Ive already tried leavin like 5 times. she found out about it one of the times. almost left me. as badly as wanted to elave i couldnt bring myself to just leave her. then we eventually ended up livin together for like 6 months almost now. feels like 2 or 3 years for me especially, because i chose to remain single prior to meeting her for like 2 years.....

and she knows i wanna be free. u know. free from all the daily drama and bs cuz thats what it is. city life bullshit. im not running from responsibility for one. we have no kids, and we're just bf/gf. aint married . but everytime i try i just cant do it. shes my wife basically but unmarried. u know 6 month aint long but when uve never been livin with someone, largely because i move around too much u know. and then bam u get into this relationship, and slowly by surely u just cantleave.


----------



## LeeevinKansas (Apr 7, 2011)

and as i was saying im not running from a responsibility, as many old conservatives and folk like that put it, im running from what someone else has preplanned for me to be my responsibilities, and in other words, someone elses preplanned life. meaningi cant be me. i cant be me. the point of my lifevis to be happy, and i know how to be happy, but i cant do it living in the city. i need to be out wandering out. i got wanderlust bad. i know ppl say man just leave her. theres others out there. but hey im done with searching. i mean sometimes im like fuck that ims tayin with her, but when i hear the sounds of the interstate just beyond me, and the sound of trains blowing past and honkin in the middle of the night, that shits calling me. i love my woman. fuck u if u think i dont know love. why do u think i cant bring myself to leave? im not sure the point of posting this but u know.................


----------



## LeeevinKansas (Apr 7, 2011)

but then she sits there and says shes gonna go hitchin with me or rvn after the beet harvest if that ends up being real good. i wont leave is wha ti tell my self, but my heart feels otherwise sometimes. i dunno anymore.


----------



## Diagaro (Apr 7, 2011)

Yea Wemens are trouble. get a dog.
A stupid southerner told me "lock your dog and woman in the trunk for a wile keep the one who is happy to see you"
Duke and I had an argument before I went to sleep the other day and when I woke up he was gone. Today when I saw him in the pound His whole body was wagging and he was yipping with joy, broke my goddamn heart. He never barks, let alone yips. I've never heard him vocalise before.


----------



## sons of vipers (Apr 7, 2011)

Diagaro said:


> "lock your dog and woman in the trunk for a wile keep the one who is happy to see you"


haha! i really like this. thats a good one!


----------



## venusinpisces (Apr 7, 2011)

LeeevinKansas said:


> why do u think i cant bring myself to leave? ..


 Probably because you have a very solid relationship and that's not something to throw away lightly.
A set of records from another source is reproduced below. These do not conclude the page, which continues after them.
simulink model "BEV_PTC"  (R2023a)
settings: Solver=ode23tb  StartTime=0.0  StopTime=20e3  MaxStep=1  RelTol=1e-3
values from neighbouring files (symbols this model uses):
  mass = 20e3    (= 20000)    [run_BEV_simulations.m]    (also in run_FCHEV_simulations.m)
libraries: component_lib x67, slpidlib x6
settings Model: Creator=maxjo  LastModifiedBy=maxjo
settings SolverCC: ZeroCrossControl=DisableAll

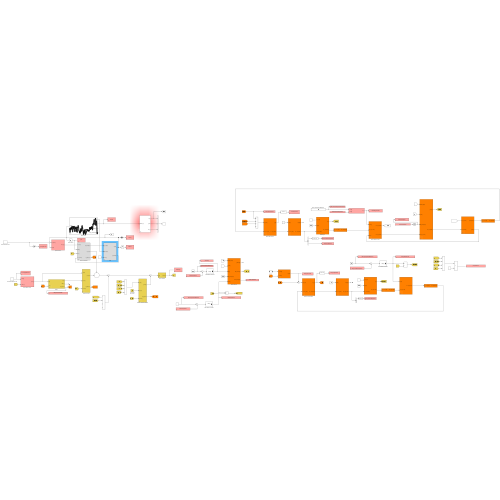
[thumbnail: Simulink's stored preview of the top-level diagram]
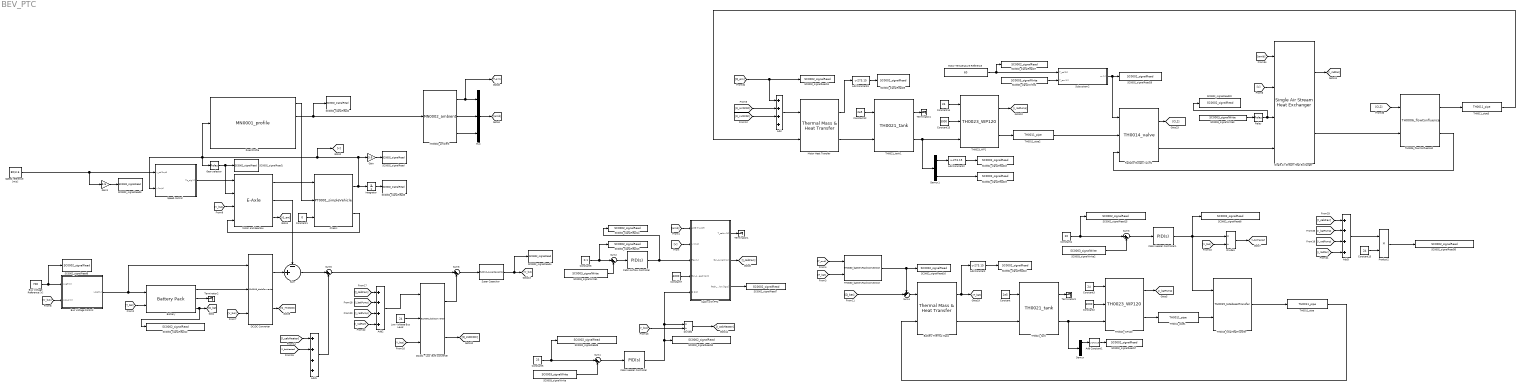
== system BEV_PTC ==
  Add{,1..3} (4 alike) : Sum  Inputs=++++
  Add Constant{,1..3} (4 alike) : Bias  Bias=-273.15  SaturateOnIntegerOverflow=off
  Battery : component_lib/Battery Pack  SOC_0=0.9  Nx=250  Ny=180
  Battery Thermal Mass : component_lib/Thermal Mass & Heat Transfer  n=100  d=10e-3  L=4  m=250 * 180 * 0.048  cp=1040  T_0=273 + 20
  Bus Voltage Control : Subsystem
  Bus Voltage Reference [V] : Constant  Value=700
  Cabin Airflow Controller : slpidlib/PID Controller  Controller=PID  Form=Parallel  TimeDomain=Continuous-time  UseExternalTs=off  SampleTime=-1  IntegratorMethod=Forward Euler  FilterMethod=Forward Euler  ControllerParametersSource=internal  P=1  I=1e-1  UseKiTs=off  D=0  N=100  UseFilter=on  TunerSelectOption=Transfer Function Based (PID Tuner App)  ZeroCross=off  InitialConditionSource=internal  InitialConditionForIntegrator=0.5  InitialConditionForFilter=0  DifferentiatorICPrevScaledInput=0  ExternalReset=none  TrackingMode=off  Kt=1  LimitOutput=on  SatLimitsSource=internal  UpperSaturationLimit=1  LowerSaturationLimit=0  LinearizeAsGain=on  AntiWindupMode=clamping  Kb=1  LimitIntegrator=off  UpperIntegratorSaturationLimit=inf  LowerIntegratorSaturationLimit=-inf  POutMin=[]  POutMax=[]  IOutMin=[]  IOutMax=[]  DOutMin=[]  DOutMax=[]  NOutMin=[]  NOutMax=[]  SumOutMin=[]  SumOutMax=[]  SaturationOutMin=[]  SaturationOutMax=[]  PParamMin=[]  PParamMax=[]  IParamMin=[]  IParamMax=[]  DParamMin=[]  DParamMax=[]  NParamMin=[]  NParamMax=[]  KbParamMin=[]  KbParamMax=[]  KtParamMin=[]  KtParamMax=[]  KbOutMin=[]  KbOutMax=[]  KtOutMin=[]  KtOutMax=[]  IntegratorOutMin=[]  IntegratorOutMax=[]  FilterOutMin=[]  FilterOutMax=[]  SumI1OutMin=[]  SumI1OutMax=[]  SumI2OutMin=[]  SumI2OutMax=[]  SumI3OutMin=[]  SumI3OutMax=[]  SumI4OutMin=[]  SumI4OutMax=[]  SumDOutMin=[]  SumDOutMax=[]  DifferentiatorOutMin=[]  DifferentiatorOutMax=[]  FilterDiffOutCoefMin=[]  FilterDiffOutCoefMax=[]  ReciprocalOutMin=[]  ReciprocalOutMax=[]  SumDenOutMin=[]  SumDenOutMax=[]  SumNumOutMin=[]  SumNumOutMax=[]  DivideOutMin=[]  DivideOutMax=[]  UdiffTsProdOutMin=[]  UdiffTsProdOutMax=[]  NTsProdOutMin=[]  NTsProdOutMax=[]  UintegralTsProdOutMin=[]  UintegralTsProdOutMax=[]  UngainTsProdOutMin=[]  UngainTsProdOutMax=[]  ClampingZeroOutDataTypeStr=Inherit: Inherit via back propagation  ClampingZeroOutMin=[]  ClampingZeroOutMax=[]  FilterDenConstantOutDataTypeStr=Inherit: Inherit via back propagation  FilterDenConstantOutMin=[]  FilterDenConstantOutMax=[]  PCopyOutDataTypeStr=Inherit: Inherit via back propagation  PCopyOutMin=[]  PCopyOutMax=[]  NCopyOutDataTypeStr=Inherit: Inherit via back propagation  NCopyOutMin=[]  NCopyOutMax=[]  IntegratorContinuousStateAttributes=''  IntegratorStateMustResolveToSignalObject=off  IntegratorRTWStateStorageClass=Auto  FilterContinuousStateAttributes=''  FilterStateMustResolveToSignalObject=off  FilterRTWStateStorageClass=Auto  ParallelPVariant=InternalParameters  IdealPVariant=Disabled  IVariant=InternalParameters  DVariant=InternalParameters  IntegratorVariant=Continuous  SatVariant=Enabled  AWVariant=ContClampingParallel  PCopyVariant=Disabled  TRVariant=Disabled  FdbkBlocksVariant=Forward  IdealPFdbkVariant=Disabled  SatFdbkVariant=Disabled  DerivativeFilterVariant=ContFilter  NVariant=InternalParameters  NCopyVariant=Disabled  FilterICVariant=InternalICsFilter  IntegratorICVariant=InternalICs  ExternalResetVariant=Disabled  TRSumVariant=Passthrough  SumFdbkVariant=Disabled  SumVariant=Sum_PID  TsampFilterVariant=InternalTs  TsampNgainVariant=Passthrough  TsampIntegralVariant=Disabled_SignalSpec  ExternalSaturationOutDataTypeStr=Inherit: Same as second input
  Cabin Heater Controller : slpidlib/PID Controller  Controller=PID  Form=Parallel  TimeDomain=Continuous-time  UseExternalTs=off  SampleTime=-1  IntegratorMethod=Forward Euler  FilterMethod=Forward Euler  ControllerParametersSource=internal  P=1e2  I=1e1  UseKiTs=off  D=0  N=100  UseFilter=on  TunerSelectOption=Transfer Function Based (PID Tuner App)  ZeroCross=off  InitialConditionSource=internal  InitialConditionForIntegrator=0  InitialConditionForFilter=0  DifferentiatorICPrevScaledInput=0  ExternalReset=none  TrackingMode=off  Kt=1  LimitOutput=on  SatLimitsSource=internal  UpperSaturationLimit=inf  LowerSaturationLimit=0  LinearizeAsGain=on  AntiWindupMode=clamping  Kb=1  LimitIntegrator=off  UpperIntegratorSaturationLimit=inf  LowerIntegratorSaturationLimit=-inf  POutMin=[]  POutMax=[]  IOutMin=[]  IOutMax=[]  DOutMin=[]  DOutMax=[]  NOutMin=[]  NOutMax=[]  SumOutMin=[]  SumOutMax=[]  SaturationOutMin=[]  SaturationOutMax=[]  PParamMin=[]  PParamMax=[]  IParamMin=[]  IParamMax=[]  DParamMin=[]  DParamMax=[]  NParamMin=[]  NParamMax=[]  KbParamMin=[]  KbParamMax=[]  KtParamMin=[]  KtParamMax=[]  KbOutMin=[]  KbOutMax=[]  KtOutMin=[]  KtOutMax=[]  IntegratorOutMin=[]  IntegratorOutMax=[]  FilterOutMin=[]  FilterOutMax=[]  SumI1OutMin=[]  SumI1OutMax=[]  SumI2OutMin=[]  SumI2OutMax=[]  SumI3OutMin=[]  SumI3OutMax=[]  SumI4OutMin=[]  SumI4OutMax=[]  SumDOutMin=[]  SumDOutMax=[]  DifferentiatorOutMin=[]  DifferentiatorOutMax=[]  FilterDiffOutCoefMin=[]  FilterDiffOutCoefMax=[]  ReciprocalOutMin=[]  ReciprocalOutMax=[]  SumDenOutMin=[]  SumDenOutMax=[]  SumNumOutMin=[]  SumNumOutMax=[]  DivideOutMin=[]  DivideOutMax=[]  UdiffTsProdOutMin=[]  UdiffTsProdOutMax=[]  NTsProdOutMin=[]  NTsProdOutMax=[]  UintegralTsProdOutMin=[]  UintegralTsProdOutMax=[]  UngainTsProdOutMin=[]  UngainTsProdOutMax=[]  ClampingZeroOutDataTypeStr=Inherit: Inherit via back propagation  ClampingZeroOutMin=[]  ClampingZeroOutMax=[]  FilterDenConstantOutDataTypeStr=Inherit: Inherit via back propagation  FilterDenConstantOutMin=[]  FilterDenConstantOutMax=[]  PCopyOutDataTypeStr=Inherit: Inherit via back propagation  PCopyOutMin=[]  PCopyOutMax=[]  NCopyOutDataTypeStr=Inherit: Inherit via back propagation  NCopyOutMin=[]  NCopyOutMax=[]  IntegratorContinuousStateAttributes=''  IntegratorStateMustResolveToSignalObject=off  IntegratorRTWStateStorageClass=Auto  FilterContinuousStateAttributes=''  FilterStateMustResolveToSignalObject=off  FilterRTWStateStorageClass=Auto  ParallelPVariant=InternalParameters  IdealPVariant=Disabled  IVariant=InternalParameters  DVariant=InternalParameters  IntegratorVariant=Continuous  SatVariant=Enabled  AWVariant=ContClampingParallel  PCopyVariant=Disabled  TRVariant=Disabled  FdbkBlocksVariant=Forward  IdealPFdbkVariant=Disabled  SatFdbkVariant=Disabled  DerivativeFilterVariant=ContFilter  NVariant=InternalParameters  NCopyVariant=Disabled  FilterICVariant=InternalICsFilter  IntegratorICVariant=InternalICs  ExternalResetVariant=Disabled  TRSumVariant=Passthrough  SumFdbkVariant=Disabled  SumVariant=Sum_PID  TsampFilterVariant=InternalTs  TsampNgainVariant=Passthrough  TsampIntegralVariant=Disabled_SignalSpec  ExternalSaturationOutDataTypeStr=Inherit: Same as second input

It can be hard to find someone you're compatible with on that level and even "normal" people have a hard time with it. I can't tell you what the right decision is but think long and hard because she's obviously important to you. My advice, if you want it: this girl sounds fairly responsible and it's easy to slip into the pattern of seeing someone like this as a symbol of the "establishment".
Don't do this. It will come back to bite you years down the road when you're missing her. If you can take her with you, then try to be productive and have adventures instead getting intoxicated all the time. Not saying this is what you'll do but that's what a lot of travelers get stuck in and any responsible person will get tired of this pattern very quickly. And if you do need to separate, don't burn any bridges. End things gracefully and *don't blow off the lease*! That way there's always a chance you can get back together at a later point. Just continue to develop yourself as a person and don't stagnate--then you'll have something to offer her the next time you connect. Sorry about all the don'ts.  Also worth mentioning is the fact that most girls who travel are very independent so good luck finding a stable relationship with them--you may be looking for a long time based on what I've seen. If there's any chance you can snatch your girl up and move to a more interesting place after traveling a bit then that may be a better solution. 


LeeevinKansas said:


> and as i was saying im not running from a responsibility, as many old conservatives and folk like that put it, im running from what someone else has preplanned for me to be my responsibilities, and in other words, someone elses preplanned life. meaningi cant be me. i cant be me. the point of my lifevis to be happy.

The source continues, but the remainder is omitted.